Sandberg made her own acquaintance with refugees during the six years she lived in Kenya as the wife of a relief worker. Unlike many of the spouses of relief workers, Sandberg had no medical skills to contribute and thought she should remedy that. Then she met a group of refugee women living in Nairobi who were taught to sew as part of a micro-enterprise and found her niche in helping design the products they made. She spent five years working with the refugee women before she and her family moved to Wheaton in 2007.
Feeling dispirited and displaced about leaving what had become her home, Sandberg drove to a Target store one cold January night to buy diapers and saw a woman wrapped in an African cloth walking by the side of the road. She followed her to her apartment complex and knocked on the door. The woman welcomed her into an apartment crowded with many children and Sandberg learned she was from Somalia. As she started to leave, the woman said "You can give me job? You see many kids? You can give me job?"
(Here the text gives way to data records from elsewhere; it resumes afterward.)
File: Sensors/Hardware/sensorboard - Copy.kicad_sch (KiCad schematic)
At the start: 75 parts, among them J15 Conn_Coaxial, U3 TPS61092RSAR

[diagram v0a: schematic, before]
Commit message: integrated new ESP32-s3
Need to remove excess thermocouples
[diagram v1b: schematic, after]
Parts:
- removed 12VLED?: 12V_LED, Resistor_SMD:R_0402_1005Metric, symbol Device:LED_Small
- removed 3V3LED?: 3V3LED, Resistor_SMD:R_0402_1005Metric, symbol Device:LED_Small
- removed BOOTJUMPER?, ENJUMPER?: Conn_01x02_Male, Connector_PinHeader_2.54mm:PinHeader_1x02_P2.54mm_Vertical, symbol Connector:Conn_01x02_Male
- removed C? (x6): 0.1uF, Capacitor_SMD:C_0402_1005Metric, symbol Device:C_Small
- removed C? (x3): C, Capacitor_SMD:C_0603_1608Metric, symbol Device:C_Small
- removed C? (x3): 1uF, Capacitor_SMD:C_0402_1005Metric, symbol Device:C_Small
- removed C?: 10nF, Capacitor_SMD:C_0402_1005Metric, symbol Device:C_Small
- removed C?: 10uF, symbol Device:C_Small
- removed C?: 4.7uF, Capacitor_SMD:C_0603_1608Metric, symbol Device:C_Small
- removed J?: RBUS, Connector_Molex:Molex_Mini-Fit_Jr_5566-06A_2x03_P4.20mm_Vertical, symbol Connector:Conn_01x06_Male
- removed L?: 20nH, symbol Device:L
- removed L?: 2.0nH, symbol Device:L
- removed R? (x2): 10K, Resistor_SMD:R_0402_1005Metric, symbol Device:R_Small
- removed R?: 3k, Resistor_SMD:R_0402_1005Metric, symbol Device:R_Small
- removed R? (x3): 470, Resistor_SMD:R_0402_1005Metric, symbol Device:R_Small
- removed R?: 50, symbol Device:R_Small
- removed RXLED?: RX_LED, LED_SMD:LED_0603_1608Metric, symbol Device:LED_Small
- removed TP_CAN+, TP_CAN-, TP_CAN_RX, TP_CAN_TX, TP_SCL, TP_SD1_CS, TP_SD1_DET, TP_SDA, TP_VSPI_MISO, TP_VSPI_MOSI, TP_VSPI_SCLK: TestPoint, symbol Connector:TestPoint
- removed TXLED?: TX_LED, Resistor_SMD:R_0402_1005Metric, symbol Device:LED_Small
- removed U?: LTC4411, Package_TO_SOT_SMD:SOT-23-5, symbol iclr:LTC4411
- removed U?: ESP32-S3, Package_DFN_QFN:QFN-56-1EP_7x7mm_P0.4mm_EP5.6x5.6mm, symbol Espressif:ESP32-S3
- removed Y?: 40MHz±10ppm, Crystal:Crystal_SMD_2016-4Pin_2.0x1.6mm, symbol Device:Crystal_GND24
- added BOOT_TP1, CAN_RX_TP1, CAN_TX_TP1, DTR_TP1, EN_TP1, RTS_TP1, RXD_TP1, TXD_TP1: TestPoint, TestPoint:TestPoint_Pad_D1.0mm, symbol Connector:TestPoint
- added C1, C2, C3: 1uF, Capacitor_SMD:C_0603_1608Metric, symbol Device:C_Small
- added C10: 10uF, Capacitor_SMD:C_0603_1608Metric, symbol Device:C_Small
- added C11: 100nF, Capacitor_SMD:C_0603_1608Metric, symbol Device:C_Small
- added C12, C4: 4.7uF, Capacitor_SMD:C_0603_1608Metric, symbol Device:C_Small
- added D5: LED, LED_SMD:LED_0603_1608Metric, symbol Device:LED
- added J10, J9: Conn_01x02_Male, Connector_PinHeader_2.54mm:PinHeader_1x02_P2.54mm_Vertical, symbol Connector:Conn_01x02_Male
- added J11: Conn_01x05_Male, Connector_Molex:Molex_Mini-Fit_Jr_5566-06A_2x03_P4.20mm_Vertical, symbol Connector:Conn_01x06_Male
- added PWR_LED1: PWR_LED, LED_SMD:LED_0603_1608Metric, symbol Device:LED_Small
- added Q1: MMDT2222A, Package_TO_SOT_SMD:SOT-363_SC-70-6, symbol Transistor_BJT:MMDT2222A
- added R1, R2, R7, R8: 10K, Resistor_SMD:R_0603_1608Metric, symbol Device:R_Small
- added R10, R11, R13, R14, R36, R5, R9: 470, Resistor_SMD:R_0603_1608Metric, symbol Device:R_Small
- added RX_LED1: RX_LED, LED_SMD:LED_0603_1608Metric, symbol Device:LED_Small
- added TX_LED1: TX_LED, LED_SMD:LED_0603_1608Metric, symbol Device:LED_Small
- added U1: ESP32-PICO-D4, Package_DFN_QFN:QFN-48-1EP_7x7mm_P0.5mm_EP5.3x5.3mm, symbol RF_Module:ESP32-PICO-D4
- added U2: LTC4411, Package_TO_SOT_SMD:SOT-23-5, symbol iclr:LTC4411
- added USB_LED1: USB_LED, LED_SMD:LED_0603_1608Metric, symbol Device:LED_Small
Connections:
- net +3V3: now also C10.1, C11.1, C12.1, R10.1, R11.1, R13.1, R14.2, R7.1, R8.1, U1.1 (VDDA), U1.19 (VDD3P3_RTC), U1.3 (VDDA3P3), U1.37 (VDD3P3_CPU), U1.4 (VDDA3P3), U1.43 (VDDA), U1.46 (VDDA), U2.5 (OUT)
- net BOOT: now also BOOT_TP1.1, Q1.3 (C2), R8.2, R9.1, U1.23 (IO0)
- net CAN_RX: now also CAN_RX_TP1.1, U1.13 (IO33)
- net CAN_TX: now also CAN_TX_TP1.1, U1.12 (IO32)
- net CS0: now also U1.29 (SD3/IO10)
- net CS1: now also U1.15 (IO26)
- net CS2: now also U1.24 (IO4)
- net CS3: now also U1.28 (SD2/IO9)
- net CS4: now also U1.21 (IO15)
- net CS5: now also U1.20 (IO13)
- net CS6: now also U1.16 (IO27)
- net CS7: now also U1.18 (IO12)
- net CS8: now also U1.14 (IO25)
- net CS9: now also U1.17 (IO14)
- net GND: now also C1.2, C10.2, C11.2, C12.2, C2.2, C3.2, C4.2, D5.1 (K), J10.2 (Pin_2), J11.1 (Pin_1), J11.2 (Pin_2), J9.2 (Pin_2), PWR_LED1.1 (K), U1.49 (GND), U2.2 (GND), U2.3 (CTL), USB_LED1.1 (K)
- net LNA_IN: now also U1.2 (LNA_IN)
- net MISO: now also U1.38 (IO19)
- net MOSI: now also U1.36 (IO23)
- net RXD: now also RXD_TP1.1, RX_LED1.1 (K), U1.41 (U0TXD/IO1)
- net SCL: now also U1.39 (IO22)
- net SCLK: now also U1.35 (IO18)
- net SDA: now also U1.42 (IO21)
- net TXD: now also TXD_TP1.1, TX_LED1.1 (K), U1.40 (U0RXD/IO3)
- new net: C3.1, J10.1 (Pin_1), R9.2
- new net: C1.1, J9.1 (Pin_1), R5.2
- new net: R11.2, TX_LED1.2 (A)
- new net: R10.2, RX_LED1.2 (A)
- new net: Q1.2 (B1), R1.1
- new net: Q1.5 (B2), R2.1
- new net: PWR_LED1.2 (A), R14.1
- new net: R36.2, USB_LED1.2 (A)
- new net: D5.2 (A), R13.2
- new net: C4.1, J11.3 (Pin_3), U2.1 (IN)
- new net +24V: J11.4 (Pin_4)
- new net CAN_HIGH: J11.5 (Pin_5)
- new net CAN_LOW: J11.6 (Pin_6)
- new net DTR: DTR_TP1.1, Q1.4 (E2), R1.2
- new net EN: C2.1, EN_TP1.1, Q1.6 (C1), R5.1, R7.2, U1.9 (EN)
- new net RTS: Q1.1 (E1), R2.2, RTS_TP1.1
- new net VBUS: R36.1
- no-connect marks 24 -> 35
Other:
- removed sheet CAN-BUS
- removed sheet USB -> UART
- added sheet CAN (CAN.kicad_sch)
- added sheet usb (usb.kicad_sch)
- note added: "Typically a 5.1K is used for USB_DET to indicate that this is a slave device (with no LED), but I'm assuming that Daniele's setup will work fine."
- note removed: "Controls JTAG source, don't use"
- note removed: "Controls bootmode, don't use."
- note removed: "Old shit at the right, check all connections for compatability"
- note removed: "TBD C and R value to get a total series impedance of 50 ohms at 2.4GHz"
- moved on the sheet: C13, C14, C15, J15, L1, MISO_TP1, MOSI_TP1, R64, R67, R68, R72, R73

That question stuck with Sandberg and two years later Re:new was born. Started in a 350-square-foot room with five sewing machines, it now occupies a 1,500-square-foot space that includes an office, sewing area and store. Volunteers contributed more than 10,000 hours to the enterprise last year, Sandberg said.
Karen Holwenda of Wheaton, one of the volunteers, comes once a week to teach sewing and help with sewing projects. She said she enjoys seeing the refugee women's progress.
"They are so interested in helping their families out. To have a vehicle they can do that is amazing," she said. "I love sewing. It's just a great environment for everyone."
Nancy Mwendwa knew Sandberg in Kenya and began working full-time at Re:new as a cloth cutter and translator after coming to the United States nearly two years ago. Unlike most of the women, she is not a refugee. At Re:new the women talk, share their lives and sing while they work, she said.
"I love building relationships and that's what Re:new does," she said. "It's a life-changing thing."
Sandberg said Re:new depends on its sales and donations from corporations, churches and individuals for its income. Donations of cloth are accepted, but they must be a minimum of 12-by-12-inches. Products are moderately priced with a small pillow costing $20 and a one-of-a-kind messenger bag $68.
"Everything in our store is made right here," Sandberg said. "We need shoppers."